_Problem statement_. Down to the last line, repeat the entries exactly and drop any image.

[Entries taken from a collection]
'''

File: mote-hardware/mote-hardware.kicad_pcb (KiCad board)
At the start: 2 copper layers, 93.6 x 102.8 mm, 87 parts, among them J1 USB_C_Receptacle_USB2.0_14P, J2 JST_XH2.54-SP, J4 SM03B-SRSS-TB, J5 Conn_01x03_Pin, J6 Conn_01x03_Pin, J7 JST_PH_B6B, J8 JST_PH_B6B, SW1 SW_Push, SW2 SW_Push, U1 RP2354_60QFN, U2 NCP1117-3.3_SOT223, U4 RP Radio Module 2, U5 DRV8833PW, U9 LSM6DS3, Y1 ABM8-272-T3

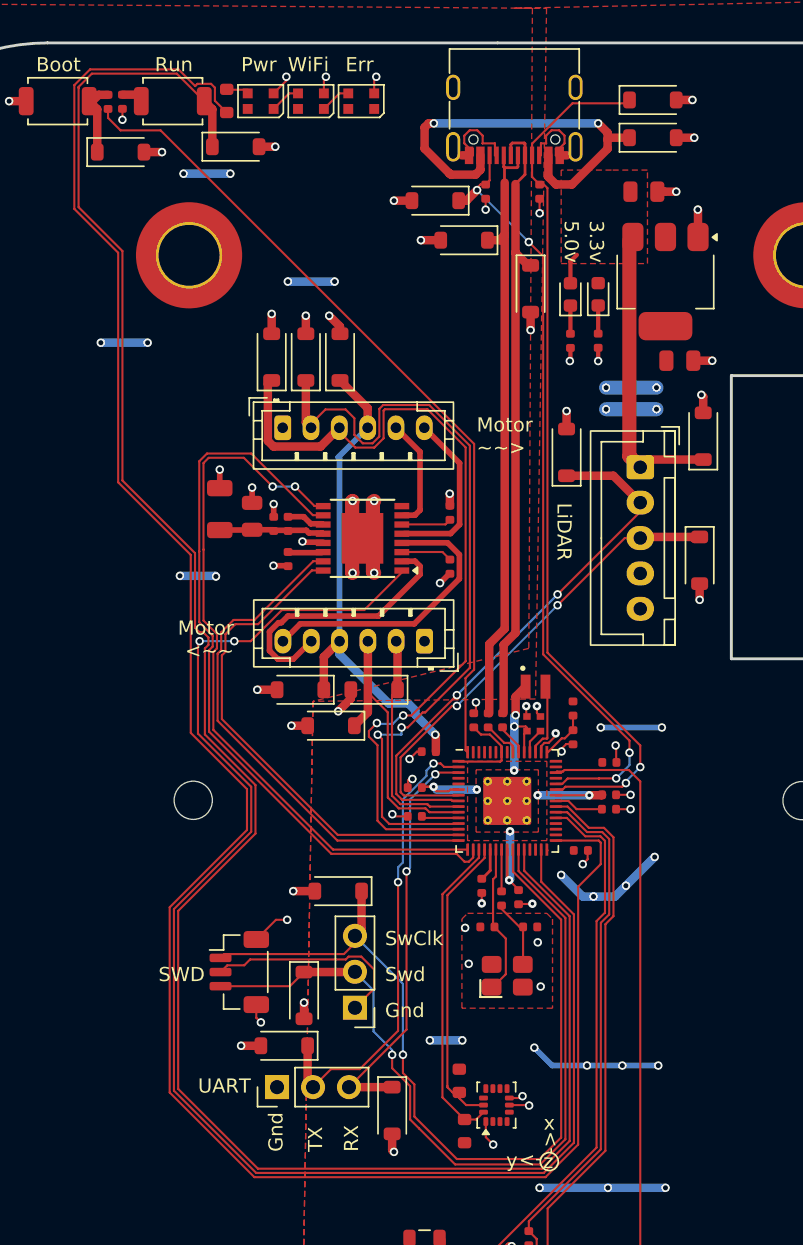
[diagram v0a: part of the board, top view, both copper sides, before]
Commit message: mote-hardware v0.2.0 (#63)
Improvements to the pcb design for rev v0.2.0
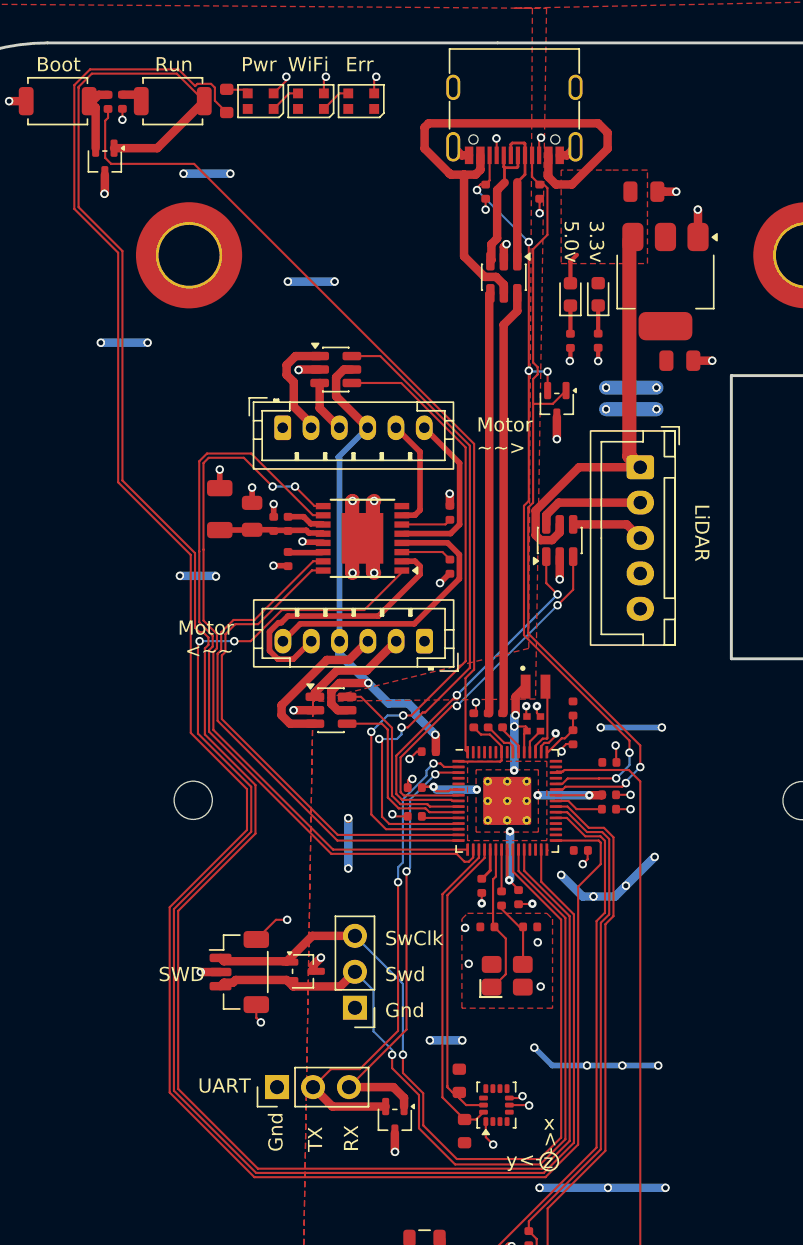
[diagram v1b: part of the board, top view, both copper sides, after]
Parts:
- removed D10, D11, D14, D15, D16, D17, D18, D19, D20, D21, D22, D23, D6, D7, D8, D9: PTVS5V0S1UR-FS, Diode_SMD:D_SOD-123
- removed D12, D13, D24, D25: PTVS6V0S1UR, Diode_SMD:D_SOD-123
- added U10: TPD2E2U06DCK, Package_TO_SOT_SMD:SOT-323_SC-70, F.Cu at (103.6, 65.0)
- added U11: USBLC6-2SC6, Package_TO_SOT_SMD:SOT-23-6, F.Cu at (87.6, 86.7)
- added U12: USBLC6-2SC6, Package_TO_SOT_SMD:SOT-23-6, F.Cu at (88.0, 62.6)
- added U13: TPD2E2U06DCK, Package_TO_SOT_SMD:SOT-323_SC-70, F.Cu at (71.7, 47.9)
- added U3: USBLC6-2SC6, Package_TO_SOT_SMD:SOT-23-6, F.Cu at (99.8, 56.1)
- added U6: TPD2E2U06DCK, Package_TO_SOT_SMD:SOT-323_SC-70, F.Cu at (85.6, 105.1)
- added U7: TPD2E2U06DCK, Package_TO_SOT_SMD:SOT-323_SC-70, F.Cu at (92.1, 115.6)
- added U8: USBLC6-2SC6, Package_TO_SOT_SMD:SOT-23-6, F.Cu at (103.8, 74.7)
- H5, H6: footprint MountingHole:MountingHole_4.3mm_M4_DIN965_Pad_TopOnly -> mote-hardware:MountingHole_4.3mm_M4_DIN965_Pad_TopOnly
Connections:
- J1 pad A6: /USB_D+ -> Net-(J1-D+-PadA6)
- J1 pad A7: /USB_D- -> Net-(J1-D--PadA7)
- J1 pad B6: /USB_D+ -> Net-(J1-D+-PadA6)
- J1 pad B7: /USB_D- -> Net-(J1-D--PadA7)
- J2 pad 2: /lidar_rx -> Net-(J2-Pin_2)
- J2 pad 3: /lidar_tx -> Net-(J2-Pin_3)
- J7 pad 2: /motor_left_encoder_a -> /motors/left_encoder_a_internal
- J7 pad 3: /motor_left_encoder_b -> /motors/left_encoder_b_internal
- J8 pad 2: /motor_right_encoder_a -> /motors/right_encoder_a_internal
- J8 pad 3: /motor_right_encoder_b -> /motors/right_encoder_b_internal
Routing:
- net GND: track 118.5 -> 79.5 mm, vias 72 -> 63
- net /+5v: track 73.4 -> 90.2 mm, vias 10 -> 8
- net /USB_D-: track 44.1 -> 30.0 mm
- net /motor_right_encoder_b: track 59.8 -> 46.2 mm
- net /USB_D+: track 43.0 -> 29.7 mm
- net /lidar_rx: track 38.2 -> 26.4 mm
- net /motors/left_encoder_b_internal: track 0.00 -> 11.3 mm
- net Net-(J1-D--PadA7): track 0.00 -> 10.4 mm
- net /motor_left_encoder_b: track 23.5 -> 13.3 mm
- net /motor_right_encoder_a: track 56.5 -> 46.6 mm
- net Net-(J1-D+-PadA6): track 0.00 -> 9.70 mm
- net /lidar_tx: track 34.6 -> 26.1 mm
- net /motors/left_encoder_a_internal: track 0.00 -> 7.96 mm
- net Net-(J2-Pin_2): track 0.00 -> 7.66 mm
- net /motors/right_encoder_a_internal: track 0.00 -> 7.47 mm

'''

_Task result_.
File: mote-hardware/mote-hardware.kicad_pcb (KiCad board)
At the start: 2 copper layers, 93.6 x 102.8 mm, 87 parts, among them J1 USB_C_Receptacle_USB2.0_14P, J2 JST_XH2.54-SP, J4 SM03B-SRSS-TB, J5 Conn_01x03_Pin, J6 Conn_01x03_Pin, J7 JST_PH_B6B, J8 JST_PH_B6B, SW1 SW_Push, SW2 SW_Push, U1 RP2354_60QFN, U2 NCP1117-3.3_SOT223, U4 RP Radio Module 2, U5 DRV8833PW, U9 LSM6DS3, Y1 ABM8-272-T3

[diagram v0a: part of the board, top view, both copper sides, before]
Commit message: mote-hardware v0.2.0 (#63)
Improvements to the pcb design for rev v0.2.0
[diagram v1b: part of the board, top view, both copper sides, after]
Parts:
- removed D10, D11, D14, D15, D16, D17, D18, D19, D20, D21, D22, D23, D6, D7, D8, D9: PTVS5V0S1UR-FS, Diode_SMD:D_SOD-123
- removed D12, D13, D24, D25: PTVS6V0S1UR, Diode_SMD:D_SOD-123
- added U10: TPD2E2U06DCK, Package_TO_SOT_SMD:SOT-323_SC-70, F.Cu at (103.6, 65.0)
- added U11: USBLC6-2SC6, Package_TO_SOT_SMD:SOT-23-6, F.Cu at (87.6, 86.7)
- added U12: USBLC6-2SC6, Package_TO_SOT_SMD:SOT-23-6, F.Cu at (88.0, 62.6)
- added U13: TPD2E2U06DCK, Package_TO_SOT_SMD:SOT-323_SC-70, F.Cu at (71.7, 47.9)
- added U3: USBLC6-2SC6, Package_TO_SOT_SMD:SOT-23-6, F.Cu at (99.8, 56.1)
- added U6: TPD2E2U06DCK, Package_TO_SOT_SMD:SOT-323_SC-70, F.Cu at (85.6, 105.1)
- added U7: TPD2E2U06DCK, Package_TO_SOT_SMD:SOT-323_SC-70, F.Cu at (92.1, 115.6)
- added U8: USBLC6-2SC6, Package_TO_SOT_SMD:SOT-23-6, F.Cu at (103.8, 74.7)
- H5, H6: footprint MountingHole:MountingHole_4.3mm_M4_DIN965_Pad_TopOnly -> mote-hardware:MountingHole_4.3mm_M4_DIN965_Pad_TopOnly
Connections:
- J1 pad A6: /USB_D+ -> Net-(J1-D+-PadA6)
- J1 pad A7: /USB_D- -> Net-(J1-D--PadA7)
- J1 pad B6: /USB_D+ -> Net-(J1-D+-PadA6)
- J1 pad B7: /USB_D- -> Net-(J1-D--PadA7)
- J2 pad 2: /lidar_rx -> Net-(J2-Pin_2)
- J2 pad 3: /lidar_tx -> Net-(J2-Pin_3)
- J7 pad 2: /motor_left_encoder_a -> /motors/left_encoder_a_internal
- J7 pad 3: /motor_left_encoder_b -> /motors/left_encoder_b_internal
- J8 pad 2: /motor_right_encoder_a -> /motors/right_encoder_a_internal
- J8 pad 3: /motor_right_encoder_b -> /motors/right_encoder_b_internal
Routing:
- net GND: track 118.5 -> 79.5 mm, vias 72 -> 63
- net /+5v: track 73.4 -> 90.2 mm, vias 10 -> 8
- net /USB_D-: track 44.1 -> 30.0 mm
- net /motor_right_encoder_b: track 59.8 -> 46.2 mm
- net /USB_D+: track 43.0 -> 29.7 mm
- net /lidar_rx: track 38.2 -> 26.4 mm
- net /motors/left_encoder_b_internal: track 0.00 -> 11.3 mm
- net Net-(J1-D--PadA7): track 0.00 -> 10.4 mm
- net /motor_left_encoder_b: track 23.5 -> 13.3 mm
- net /motor_right_encoder_a: track 56.5 -> 46.6 mm
- net Net-(J1-D+-PadA6): track 0.00 -> 9.70 mm
- net /lidar_tx: track 34.6 -> 26.1 mm
- net /motors/left_encoder_a_internal: track 0.00 -> 7.96 mm
- net Net-(J2-Pin_2): track 0.00 -> 7.66 mm
- net /motors/right_encoder_a_internal: track 0.00 -> 7.47 mm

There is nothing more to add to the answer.